Фрина позвала Рут и Джейн, скрывавшихся возле дверей кухни, и те подошли, обняли девочку и уселись по обе стороны от нее. Мэри уткнулась носом в плоскую девчачью грудь Джейн.
– Не плачь, – утешала одноклассницу Рут. – Ты поступила правильно: привезла дневник мисс Фишер. Она найдет Алисию.
– Я уж и не знаю… хочу ли я, чтобы она ее отыскала. После того, что я прочла в дневнике, – призналась Мэри. – А ведь она была моей единственной подругой!
Мэри вновь залилась слезами. Джейн беспомощно похлопала ее по спине.
– Мы будем твоими подругами, правда, Рут?
Рут что-то процедила сквозь зубы про безнадежных дурех, но вслух сказала:
– Ну конечно, с радостью.
– И вы примете меня в свой клуб? – пробубнила Мэри из-под маски своих разметавшихся волос.
Джейн вздохнула.
– Да, пожалуй. Да прекрати же ты сырость разводить!
– Отведите ее на кухню, девочки, и накормите завтраком, – велела Фрина, листая дневник. – Я скоро к вам приду.
Рут и Джейн увели Мэри.
– Ну-ка поглядим. Какой замечательный у девочки почерк! Вот что значит образование при монастыре! Полюбуйся, Дот.
– Да, мисс, отличный почерк. Я и сама так писала, пока училась в школе при монастыре.
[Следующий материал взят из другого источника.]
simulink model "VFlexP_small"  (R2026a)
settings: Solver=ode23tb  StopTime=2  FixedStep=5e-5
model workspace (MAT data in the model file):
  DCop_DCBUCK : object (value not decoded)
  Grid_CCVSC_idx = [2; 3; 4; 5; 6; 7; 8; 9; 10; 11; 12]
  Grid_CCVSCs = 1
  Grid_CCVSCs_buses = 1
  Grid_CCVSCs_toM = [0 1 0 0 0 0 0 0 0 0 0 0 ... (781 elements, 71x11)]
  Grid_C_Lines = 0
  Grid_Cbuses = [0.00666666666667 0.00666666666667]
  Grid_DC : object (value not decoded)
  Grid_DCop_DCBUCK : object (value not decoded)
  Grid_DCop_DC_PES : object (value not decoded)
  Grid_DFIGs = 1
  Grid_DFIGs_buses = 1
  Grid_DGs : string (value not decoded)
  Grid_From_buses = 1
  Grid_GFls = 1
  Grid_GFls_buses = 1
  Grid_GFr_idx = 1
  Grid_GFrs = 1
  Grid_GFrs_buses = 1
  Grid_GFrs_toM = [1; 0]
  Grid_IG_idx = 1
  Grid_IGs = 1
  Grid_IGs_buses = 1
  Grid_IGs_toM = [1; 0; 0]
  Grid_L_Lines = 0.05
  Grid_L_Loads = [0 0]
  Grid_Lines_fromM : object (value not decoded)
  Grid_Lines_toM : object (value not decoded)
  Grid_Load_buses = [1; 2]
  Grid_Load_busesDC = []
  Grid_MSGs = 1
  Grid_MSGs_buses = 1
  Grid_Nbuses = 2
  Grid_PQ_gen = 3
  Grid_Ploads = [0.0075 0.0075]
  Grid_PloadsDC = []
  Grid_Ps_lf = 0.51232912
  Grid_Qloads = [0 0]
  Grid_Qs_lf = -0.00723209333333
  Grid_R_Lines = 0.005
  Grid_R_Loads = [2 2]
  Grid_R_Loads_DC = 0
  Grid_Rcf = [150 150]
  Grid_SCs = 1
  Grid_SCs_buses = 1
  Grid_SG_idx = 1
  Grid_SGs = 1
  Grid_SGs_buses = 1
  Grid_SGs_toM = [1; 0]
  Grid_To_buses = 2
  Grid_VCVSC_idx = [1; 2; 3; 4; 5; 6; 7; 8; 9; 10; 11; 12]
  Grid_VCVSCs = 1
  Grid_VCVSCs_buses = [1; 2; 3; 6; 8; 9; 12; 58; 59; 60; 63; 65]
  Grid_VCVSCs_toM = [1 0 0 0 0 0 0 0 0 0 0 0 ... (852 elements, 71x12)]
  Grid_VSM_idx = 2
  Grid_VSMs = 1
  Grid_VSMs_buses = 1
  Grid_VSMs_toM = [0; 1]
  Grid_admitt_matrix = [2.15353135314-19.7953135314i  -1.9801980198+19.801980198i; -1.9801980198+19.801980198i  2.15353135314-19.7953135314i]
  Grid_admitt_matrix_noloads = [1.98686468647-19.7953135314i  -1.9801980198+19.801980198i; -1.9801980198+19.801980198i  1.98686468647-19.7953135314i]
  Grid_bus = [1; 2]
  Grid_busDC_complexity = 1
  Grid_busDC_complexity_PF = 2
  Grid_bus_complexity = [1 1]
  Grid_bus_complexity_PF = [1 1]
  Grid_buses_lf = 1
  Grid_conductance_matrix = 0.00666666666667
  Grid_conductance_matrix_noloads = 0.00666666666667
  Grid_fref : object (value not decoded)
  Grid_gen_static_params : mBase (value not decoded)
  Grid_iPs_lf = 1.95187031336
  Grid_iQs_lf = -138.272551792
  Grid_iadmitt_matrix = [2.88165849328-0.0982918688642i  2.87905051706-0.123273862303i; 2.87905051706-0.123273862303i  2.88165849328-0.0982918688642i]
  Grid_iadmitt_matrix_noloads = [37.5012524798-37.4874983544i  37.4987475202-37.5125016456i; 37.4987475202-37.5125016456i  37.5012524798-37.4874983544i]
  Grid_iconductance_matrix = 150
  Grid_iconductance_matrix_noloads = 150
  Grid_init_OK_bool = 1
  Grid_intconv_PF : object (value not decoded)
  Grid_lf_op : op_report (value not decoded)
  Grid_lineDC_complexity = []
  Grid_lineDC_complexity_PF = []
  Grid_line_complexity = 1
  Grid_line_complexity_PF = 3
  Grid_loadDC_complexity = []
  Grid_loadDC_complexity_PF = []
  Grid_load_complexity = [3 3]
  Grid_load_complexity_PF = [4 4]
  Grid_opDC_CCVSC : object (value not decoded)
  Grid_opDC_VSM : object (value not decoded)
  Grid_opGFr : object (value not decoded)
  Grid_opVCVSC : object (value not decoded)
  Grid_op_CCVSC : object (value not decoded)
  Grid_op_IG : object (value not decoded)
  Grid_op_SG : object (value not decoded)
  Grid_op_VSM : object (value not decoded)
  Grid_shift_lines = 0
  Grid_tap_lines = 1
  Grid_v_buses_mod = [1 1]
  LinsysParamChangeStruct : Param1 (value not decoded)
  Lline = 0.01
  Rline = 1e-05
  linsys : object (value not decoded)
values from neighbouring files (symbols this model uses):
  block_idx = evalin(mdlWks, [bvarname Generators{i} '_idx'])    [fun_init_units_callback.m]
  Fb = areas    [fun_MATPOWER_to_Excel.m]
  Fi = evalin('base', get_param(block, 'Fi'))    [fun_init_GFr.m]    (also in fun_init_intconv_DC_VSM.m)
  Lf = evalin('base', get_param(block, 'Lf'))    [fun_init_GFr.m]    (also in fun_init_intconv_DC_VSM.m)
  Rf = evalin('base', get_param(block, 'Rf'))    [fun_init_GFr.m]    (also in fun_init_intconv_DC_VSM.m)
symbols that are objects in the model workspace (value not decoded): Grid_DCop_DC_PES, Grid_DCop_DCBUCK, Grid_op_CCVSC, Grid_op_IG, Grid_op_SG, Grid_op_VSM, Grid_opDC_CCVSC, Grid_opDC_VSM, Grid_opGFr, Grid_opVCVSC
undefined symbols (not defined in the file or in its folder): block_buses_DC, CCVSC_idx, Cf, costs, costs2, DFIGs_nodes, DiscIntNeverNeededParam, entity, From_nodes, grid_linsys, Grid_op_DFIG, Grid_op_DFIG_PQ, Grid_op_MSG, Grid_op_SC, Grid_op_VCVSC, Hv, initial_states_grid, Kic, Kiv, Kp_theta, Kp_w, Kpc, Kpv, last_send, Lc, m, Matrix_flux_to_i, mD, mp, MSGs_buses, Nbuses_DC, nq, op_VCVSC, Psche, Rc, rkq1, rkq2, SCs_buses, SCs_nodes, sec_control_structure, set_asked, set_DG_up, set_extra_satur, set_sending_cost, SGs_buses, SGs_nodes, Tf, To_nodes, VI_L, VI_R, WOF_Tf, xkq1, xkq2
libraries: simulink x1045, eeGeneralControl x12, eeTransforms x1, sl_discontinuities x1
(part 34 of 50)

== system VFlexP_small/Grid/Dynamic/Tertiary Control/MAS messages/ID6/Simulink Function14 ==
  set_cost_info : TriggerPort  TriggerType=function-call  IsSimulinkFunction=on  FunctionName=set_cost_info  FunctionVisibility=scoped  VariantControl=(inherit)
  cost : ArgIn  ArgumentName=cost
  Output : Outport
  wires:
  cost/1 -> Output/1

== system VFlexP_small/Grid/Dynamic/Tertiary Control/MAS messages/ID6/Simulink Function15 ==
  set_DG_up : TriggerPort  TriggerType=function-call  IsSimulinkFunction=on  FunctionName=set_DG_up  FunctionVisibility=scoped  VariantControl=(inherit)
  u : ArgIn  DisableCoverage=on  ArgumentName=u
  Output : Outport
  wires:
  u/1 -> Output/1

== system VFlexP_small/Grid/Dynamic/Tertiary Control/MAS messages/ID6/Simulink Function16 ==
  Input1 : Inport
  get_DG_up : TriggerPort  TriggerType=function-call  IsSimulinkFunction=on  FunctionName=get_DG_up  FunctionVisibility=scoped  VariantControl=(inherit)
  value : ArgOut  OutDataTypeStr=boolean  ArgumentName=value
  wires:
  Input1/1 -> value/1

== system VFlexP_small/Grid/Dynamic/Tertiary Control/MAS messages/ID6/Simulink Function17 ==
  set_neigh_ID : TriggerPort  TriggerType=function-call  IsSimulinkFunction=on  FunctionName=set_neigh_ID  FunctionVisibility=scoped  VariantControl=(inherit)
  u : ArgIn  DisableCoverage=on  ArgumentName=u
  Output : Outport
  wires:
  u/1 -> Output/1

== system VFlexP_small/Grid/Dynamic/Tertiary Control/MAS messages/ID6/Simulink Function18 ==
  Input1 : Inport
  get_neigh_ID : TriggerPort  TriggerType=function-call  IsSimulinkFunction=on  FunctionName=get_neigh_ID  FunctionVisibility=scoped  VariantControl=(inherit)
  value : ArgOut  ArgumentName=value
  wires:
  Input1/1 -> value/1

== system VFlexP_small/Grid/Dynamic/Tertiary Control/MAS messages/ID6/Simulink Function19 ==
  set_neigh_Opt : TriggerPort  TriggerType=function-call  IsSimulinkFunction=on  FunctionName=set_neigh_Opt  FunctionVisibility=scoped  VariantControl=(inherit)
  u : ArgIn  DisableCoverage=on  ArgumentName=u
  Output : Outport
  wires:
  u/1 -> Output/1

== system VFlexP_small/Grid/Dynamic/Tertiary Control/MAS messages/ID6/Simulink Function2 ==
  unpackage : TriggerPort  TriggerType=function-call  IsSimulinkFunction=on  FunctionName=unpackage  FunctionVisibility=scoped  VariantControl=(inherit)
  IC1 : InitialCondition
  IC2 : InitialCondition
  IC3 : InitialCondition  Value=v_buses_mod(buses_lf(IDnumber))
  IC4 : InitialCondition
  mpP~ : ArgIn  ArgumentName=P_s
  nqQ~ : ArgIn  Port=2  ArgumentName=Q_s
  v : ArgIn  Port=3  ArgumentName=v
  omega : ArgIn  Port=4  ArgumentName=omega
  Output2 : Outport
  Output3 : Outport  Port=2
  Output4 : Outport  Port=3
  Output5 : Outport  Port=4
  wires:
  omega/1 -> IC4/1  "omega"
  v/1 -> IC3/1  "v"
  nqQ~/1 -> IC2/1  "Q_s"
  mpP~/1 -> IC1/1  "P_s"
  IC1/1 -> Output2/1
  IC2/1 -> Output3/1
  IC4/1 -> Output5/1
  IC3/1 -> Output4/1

– А что это все значит? Утреня, час первый, час девятый?…
– Это часы молитв в монастыре, мисс. Монахини ходят в церковь в определенное время – днем и ночью.
– В самом деле? А когда же бедняжки спят?
– Между полуночью и рассветом, мисс. Видите, она пишет, что хотела бы стать монахиней.
– «Я чувствую в себе призвание, и мать-настоятельница тоже так думает», – прочла Фрина. – «Мне предначертано свыше стать монахиней. Ах, если бы я была католичкой! Им проще: их семьи посчитали бы монашество за честь. Но папа никогда мне не разрешит, он устроил ужасный скандал, когда я сказала ему о своем желании. Внимание: всегда помнить о страданиях мучеников. Вот бы я могла помучить папу! Я ему совсем не нужна. Он любит только Кристину. И Пол тоже. Она блудница в пурпуре. Я желаю ей смерти». Сильно сказано, Дот.
– Да, мисс, но мне понятно, почему она так чувствовала. И она верно пишет о католических семьях. Моя мать хотела, чтобы я стала монахиней. Когда мне было двенадцать, я тоже думала, что у меня призвание. Многие девочки-католички мечтают стать монахинями. Бедняжка, надо было оставить ее в монастыре. Возможно, с возрастом она бы изменилась.
– Это место я пропущу… жалобы на отца… грубые замечания по поводу Кристины… ага! «Я не могу заснуть и молюсь в положенные часы. Прошлой ночью, когда папа был на собрании ложи, я видела, как Пол выходил из комнаты Кристины. Она поцеловала его в дверях. Как любовника. Это ужасно! Что мне делать? Мой отец опозорен. Мне надо все ему рассказать!»
– Обычная девчачья реакция, мисс, – серьезно сказала Дот. – Интересно, а как она поступила?
– Скоро узнаем, Дот. Потерпи. А он такой красавчик. У беременных определенно есть вкус.